- [WHAT NEEDS TO BE DONE]:
Return the data below exactly, but only from the line containing "#119=ADVANCED_FACE('F80',(#82,#93,#104,#115,#118),#71,.F.);" through the line containing "#125=CARTESIAN_POINT('',(0.,2.,0.));", with both of those lines included.

(Stored data entries)
▼▼▼

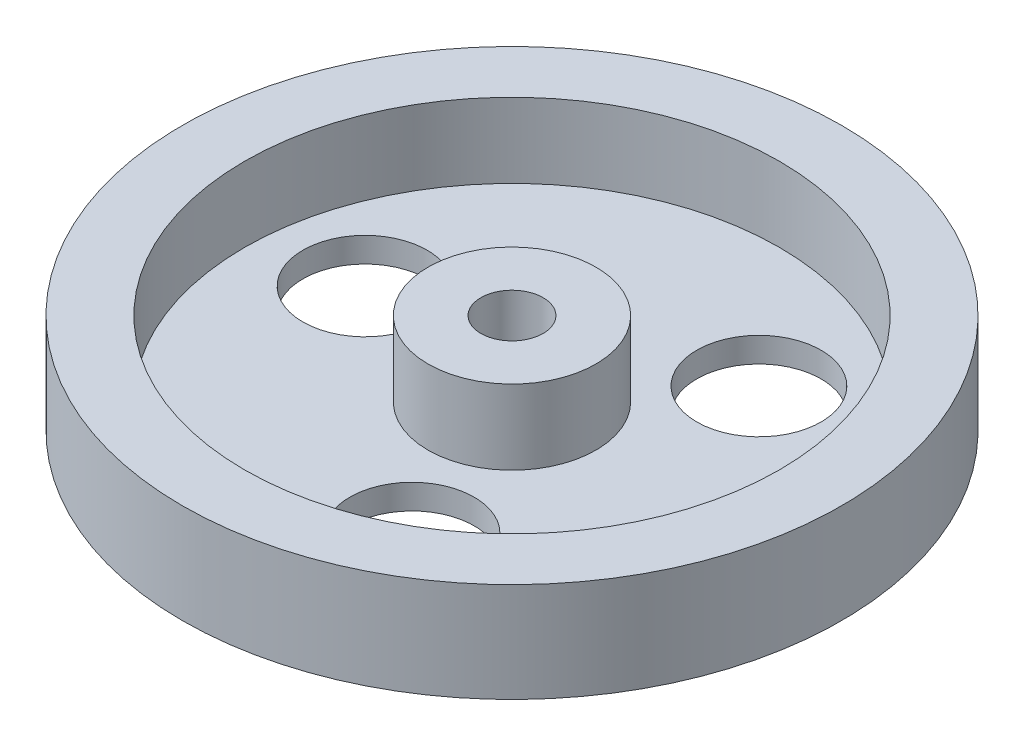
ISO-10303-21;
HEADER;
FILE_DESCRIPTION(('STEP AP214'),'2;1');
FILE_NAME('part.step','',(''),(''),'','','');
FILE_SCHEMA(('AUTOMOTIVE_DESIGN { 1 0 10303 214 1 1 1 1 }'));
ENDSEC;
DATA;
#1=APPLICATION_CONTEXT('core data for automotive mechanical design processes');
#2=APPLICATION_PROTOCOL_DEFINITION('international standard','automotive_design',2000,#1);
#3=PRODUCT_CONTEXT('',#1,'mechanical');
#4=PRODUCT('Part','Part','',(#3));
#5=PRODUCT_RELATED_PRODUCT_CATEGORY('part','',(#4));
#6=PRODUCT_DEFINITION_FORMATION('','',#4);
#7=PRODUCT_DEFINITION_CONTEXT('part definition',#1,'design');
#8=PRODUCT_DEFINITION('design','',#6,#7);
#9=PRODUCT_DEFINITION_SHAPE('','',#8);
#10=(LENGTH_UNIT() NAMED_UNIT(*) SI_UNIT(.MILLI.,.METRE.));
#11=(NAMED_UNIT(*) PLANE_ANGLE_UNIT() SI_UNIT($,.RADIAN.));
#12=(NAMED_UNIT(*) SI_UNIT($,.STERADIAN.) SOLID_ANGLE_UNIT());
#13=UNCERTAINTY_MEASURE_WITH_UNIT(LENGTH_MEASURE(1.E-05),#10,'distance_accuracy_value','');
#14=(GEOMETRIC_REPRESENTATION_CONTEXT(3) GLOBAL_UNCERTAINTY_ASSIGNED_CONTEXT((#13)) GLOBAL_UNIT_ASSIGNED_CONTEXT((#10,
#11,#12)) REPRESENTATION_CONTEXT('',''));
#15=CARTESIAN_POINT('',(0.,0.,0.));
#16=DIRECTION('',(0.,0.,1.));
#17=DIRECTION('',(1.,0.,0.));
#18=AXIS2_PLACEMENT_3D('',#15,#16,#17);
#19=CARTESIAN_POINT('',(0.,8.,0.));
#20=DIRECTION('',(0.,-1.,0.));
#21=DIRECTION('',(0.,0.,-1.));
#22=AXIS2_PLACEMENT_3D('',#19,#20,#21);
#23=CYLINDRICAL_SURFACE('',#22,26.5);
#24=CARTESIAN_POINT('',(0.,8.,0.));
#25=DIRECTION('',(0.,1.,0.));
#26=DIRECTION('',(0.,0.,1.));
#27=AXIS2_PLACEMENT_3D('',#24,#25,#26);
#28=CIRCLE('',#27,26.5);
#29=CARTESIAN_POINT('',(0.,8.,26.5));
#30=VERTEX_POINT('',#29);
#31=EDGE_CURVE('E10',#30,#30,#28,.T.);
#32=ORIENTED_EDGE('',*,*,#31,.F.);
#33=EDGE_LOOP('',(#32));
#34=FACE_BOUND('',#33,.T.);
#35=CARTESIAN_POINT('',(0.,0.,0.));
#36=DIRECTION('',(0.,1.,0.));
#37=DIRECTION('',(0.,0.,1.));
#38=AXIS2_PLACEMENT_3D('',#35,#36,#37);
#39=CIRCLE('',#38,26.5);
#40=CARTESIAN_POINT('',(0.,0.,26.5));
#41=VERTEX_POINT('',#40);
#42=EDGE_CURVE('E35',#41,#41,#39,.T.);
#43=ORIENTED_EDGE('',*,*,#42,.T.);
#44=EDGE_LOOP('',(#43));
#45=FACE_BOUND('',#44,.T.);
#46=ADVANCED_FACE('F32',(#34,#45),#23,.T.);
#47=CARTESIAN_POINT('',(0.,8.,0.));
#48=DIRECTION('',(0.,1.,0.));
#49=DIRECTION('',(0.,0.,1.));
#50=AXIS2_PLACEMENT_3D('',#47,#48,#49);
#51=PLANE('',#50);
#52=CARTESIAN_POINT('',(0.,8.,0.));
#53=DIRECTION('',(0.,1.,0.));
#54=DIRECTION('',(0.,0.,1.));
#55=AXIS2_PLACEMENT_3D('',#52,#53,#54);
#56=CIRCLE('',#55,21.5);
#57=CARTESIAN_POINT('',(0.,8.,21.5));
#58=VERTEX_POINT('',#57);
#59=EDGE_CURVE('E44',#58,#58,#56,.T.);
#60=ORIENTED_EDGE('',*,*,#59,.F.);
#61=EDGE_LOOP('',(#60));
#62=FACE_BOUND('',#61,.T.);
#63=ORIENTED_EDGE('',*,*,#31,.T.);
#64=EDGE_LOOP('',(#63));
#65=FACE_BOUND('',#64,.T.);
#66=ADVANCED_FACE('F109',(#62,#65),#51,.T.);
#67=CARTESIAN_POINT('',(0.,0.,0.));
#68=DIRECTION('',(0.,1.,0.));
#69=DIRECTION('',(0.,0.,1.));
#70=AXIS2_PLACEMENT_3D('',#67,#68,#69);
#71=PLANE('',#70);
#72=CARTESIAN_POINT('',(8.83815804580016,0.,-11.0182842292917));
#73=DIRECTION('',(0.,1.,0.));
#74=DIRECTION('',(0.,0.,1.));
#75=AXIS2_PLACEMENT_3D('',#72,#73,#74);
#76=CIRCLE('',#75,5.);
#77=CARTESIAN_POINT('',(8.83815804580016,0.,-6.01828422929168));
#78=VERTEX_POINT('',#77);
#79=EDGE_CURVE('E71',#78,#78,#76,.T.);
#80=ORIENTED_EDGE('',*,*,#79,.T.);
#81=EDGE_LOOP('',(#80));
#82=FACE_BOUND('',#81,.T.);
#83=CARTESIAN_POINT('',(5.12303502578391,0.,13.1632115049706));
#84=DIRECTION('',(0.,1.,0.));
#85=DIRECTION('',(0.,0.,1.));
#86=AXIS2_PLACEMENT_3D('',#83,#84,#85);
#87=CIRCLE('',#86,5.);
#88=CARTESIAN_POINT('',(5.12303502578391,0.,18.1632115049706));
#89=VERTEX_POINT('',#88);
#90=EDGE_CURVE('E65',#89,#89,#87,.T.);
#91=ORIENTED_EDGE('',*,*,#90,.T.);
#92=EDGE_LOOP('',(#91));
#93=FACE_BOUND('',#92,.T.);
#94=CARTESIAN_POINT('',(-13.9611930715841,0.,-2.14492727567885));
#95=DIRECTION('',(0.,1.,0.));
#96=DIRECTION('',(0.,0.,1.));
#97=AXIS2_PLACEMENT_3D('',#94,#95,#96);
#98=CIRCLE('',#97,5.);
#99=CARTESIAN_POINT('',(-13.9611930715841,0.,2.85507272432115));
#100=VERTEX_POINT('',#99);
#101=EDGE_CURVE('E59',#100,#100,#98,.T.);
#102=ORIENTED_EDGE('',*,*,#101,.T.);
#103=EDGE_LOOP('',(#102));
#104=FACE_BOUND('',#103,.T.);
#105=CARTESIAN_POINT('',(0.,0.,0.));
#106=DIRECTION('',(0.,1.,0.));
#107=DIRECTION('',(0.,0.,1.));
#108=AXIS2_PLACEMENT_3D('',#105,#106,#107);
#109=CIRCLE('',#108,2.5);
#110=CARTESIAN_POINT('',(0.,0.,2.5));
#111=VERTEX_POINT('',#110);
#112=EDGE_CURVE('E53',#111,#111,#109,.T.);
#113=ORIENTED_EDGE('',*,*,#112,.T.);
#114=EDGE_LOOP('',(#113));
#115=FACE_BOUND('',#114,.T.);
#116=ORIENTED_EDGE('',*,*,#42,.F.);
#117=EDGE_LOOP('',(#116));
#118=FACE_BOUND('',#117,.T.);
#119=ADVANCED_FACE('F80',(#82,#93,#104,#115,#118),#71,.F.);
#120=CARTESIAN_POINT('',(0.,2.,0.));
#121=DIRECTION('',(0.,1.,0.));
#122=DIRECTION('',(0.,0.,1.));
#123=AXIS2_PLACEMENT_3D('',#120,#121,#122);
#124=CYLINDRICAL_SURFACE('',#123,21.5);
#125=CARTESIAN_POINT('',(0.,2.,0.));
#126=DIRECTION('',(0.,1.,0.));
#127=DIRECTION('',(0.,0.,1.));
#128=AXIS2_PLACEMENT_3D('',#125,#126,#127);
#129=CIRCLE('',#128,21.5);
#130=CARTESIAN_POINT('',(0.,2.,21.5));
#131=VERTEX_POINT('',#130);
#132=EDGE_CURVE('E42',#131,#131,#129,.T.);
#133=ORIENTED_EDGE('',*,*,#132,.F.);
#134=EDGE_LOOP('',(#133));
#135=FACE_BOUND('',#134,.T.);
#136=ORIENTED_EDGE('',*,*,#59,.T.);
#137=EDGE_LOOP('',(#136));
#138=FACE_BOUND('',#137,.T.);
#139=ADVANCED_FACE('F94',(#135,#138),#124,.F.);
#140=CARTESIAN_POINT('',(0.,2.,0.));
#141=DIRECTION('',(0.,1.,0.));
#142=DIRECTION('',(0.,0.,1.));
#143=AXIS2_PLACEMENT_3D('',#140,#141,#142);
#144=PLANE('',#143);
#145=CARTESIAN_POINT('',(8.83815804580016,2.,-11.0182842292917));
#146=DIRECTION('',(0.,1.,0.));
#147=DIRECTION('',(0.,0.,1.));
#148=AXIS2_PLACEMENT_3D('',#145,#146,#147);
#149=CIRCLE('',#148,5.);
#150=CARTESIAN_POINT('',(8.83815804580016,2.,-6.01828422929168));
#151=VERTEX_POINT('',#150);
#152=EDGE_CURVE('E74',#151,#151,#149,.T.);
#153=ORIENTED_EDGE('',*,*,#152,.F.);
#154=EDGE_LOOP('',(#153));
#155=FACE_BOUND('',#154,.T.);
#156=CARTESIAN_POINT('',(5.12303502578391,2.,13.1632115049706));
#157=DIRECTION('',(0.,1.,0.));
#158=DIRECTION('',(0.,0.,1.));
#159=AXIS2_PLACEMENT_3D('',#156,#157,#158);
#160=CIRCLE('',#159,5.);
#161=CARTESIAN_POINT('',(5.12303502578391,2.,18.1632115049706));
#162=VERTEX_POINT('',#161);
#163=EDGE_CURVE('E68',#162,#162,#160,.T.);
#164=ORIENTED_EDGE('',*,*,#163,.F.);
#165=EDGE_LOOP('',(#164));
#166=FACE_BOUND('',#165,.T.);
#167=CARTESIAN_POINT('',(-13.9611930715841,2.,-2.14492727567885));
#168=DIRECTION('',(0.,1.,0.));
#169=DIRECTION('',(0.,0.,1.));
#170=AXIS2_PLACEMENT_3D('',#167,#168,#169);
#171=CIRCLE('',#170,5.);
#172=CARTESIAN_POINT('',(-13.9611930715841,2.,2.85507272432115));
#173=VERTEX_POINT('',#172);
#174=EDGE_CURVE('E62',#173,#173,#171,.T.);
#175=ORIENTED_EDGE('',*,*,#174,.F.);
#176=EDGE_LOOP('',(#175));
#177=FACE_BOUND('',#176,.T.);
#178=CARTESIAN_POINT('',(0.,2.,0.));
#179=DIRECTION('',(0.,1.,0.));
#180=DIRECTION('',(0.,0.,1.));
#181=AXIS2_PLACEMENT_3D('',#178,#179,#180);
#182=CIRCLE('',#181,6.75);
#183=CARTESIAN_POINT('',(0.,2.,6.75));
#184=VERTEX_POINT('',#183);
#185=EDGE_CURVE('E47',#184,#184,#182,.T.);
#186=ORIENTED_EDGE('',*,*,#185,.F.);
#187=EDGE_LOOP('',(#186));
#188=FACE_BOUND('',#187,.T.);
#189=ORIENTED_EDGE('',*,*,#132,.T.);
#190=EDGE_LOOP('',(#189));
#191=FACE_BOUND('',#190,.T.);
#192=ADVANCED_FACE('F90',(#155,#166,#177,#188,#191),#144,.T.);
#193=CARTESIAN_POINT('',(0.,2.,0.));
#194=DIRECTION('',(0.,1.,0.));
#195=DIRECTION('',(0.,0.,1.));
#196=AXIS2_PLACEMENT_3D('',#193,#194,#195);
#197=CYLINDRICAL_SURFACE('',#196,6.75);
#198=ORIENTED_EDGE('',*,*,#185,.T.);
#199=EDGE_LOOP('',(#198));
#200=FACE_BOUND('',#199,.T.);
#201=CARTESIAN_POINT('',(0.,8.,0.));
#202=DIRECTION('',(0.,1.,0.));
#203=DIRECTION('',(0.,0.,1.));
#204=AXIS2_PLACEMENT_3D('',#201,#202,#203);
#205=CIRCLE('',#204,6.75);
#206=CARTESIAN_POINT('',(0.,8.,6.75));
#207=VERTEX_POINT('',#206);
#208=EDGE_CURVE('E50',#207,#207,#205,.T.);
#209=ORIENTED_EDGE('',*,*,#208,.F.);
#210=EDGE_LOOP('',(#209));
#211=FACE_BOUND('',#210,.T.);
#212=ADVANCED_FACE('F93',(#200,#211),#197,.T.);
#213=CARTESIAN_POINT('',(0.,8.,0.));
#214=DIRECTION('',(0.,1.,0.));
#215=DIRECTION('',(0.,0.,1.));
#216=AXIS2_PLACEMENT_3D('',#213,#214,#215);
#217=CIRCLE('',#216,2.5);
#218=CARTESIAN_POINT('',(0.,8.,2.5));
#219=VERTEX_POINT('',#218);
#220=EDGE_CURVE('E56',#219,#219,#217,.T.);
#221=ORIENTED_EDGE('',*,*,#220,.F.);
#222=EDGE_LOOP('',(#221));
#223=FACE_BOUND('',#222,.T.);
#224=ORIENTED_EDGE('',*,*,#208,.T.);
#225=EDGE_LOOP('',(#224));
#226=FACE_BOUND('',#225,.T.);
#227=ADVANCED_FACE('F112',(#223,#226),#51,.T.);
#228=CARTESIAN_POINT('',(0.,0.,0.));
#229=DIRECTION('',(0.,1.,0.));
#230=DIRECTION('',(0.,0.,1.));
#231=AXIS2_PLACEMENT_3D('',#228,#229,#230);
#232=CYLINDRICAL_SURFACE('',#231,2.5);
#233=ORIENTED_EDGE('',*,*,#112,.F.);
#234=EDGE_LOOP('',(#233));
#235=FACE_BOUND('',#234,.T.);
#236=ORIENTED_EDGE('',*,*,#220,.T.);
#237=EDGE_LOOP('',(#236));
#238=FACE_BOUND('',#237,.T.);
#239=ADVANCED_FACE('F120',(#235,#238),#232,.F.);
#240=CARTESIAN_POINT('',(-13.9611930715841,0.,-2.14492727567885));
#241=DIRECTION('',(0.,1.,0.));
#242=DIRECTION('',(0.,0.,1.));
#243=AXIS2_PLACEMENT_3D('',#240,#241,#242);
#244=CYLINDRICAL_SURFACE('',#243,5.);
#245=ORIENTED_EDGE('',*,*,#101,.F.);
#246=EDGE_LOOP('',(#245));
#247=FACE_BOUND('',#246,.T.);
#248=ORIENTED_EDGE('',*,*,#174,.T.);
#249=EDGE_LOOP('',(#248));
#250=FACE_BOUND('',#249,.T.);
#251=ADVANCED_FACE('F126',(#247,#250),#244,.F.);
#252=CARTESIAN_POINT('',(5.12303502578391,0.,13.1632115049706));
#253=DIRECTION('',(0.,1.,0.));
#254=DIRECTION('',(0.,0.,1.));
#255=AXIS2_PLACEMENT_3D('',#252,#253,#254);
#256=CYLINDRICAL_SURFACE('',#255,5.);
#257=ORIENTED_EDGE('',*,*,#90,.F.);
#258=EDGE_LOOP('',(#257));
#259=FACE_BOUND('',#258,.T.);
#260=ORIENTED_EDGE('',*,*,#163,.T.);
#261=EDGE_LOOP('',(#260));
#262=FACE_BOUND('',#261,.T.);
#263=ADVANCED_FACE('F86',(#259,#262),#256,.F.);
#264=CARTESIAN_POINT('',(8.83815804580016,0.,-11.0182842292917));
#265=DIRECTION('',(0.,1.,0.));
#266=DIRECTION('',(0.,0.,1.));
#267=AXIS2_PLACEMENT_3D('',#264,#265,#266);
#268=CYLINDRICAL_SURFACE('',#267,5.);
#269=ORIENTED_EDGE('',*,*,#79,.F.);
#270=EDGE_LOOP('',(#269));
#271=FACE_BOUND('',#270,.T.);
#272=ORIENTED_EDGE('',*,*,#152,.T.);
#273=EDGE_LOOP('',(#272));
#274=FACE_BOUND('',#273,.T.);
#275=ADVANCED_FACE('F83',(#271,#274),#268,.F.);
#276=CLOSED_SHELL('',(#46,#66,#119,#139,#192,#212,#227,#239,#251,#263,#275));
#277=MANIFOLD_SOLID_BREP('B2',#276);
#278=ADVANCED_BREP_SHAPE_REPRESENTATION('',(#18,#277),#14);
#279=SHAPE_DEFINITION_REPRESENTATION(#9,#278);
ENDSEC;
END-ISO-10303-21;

▲▲▲

- [TASK SOLUTION]:
#119=ADVANCED_FACE('F80',(#82,#93,#104,#115,#118),#71,.F.);
#120=CARTESIAN_POINT('',(0.,2.,0.));
#121=DIRECTION('',(0.,1.,0.));
#122=DIRECTION('',(0.,0.,1.));
#123=AXIS2_PLACEMENT_3D('',#120,#121,#122);
#124=CYLINDRICAL_SURFACE('',#123,21.5);
#125=CARTESIAN_POINT('',(0.,2.,0.));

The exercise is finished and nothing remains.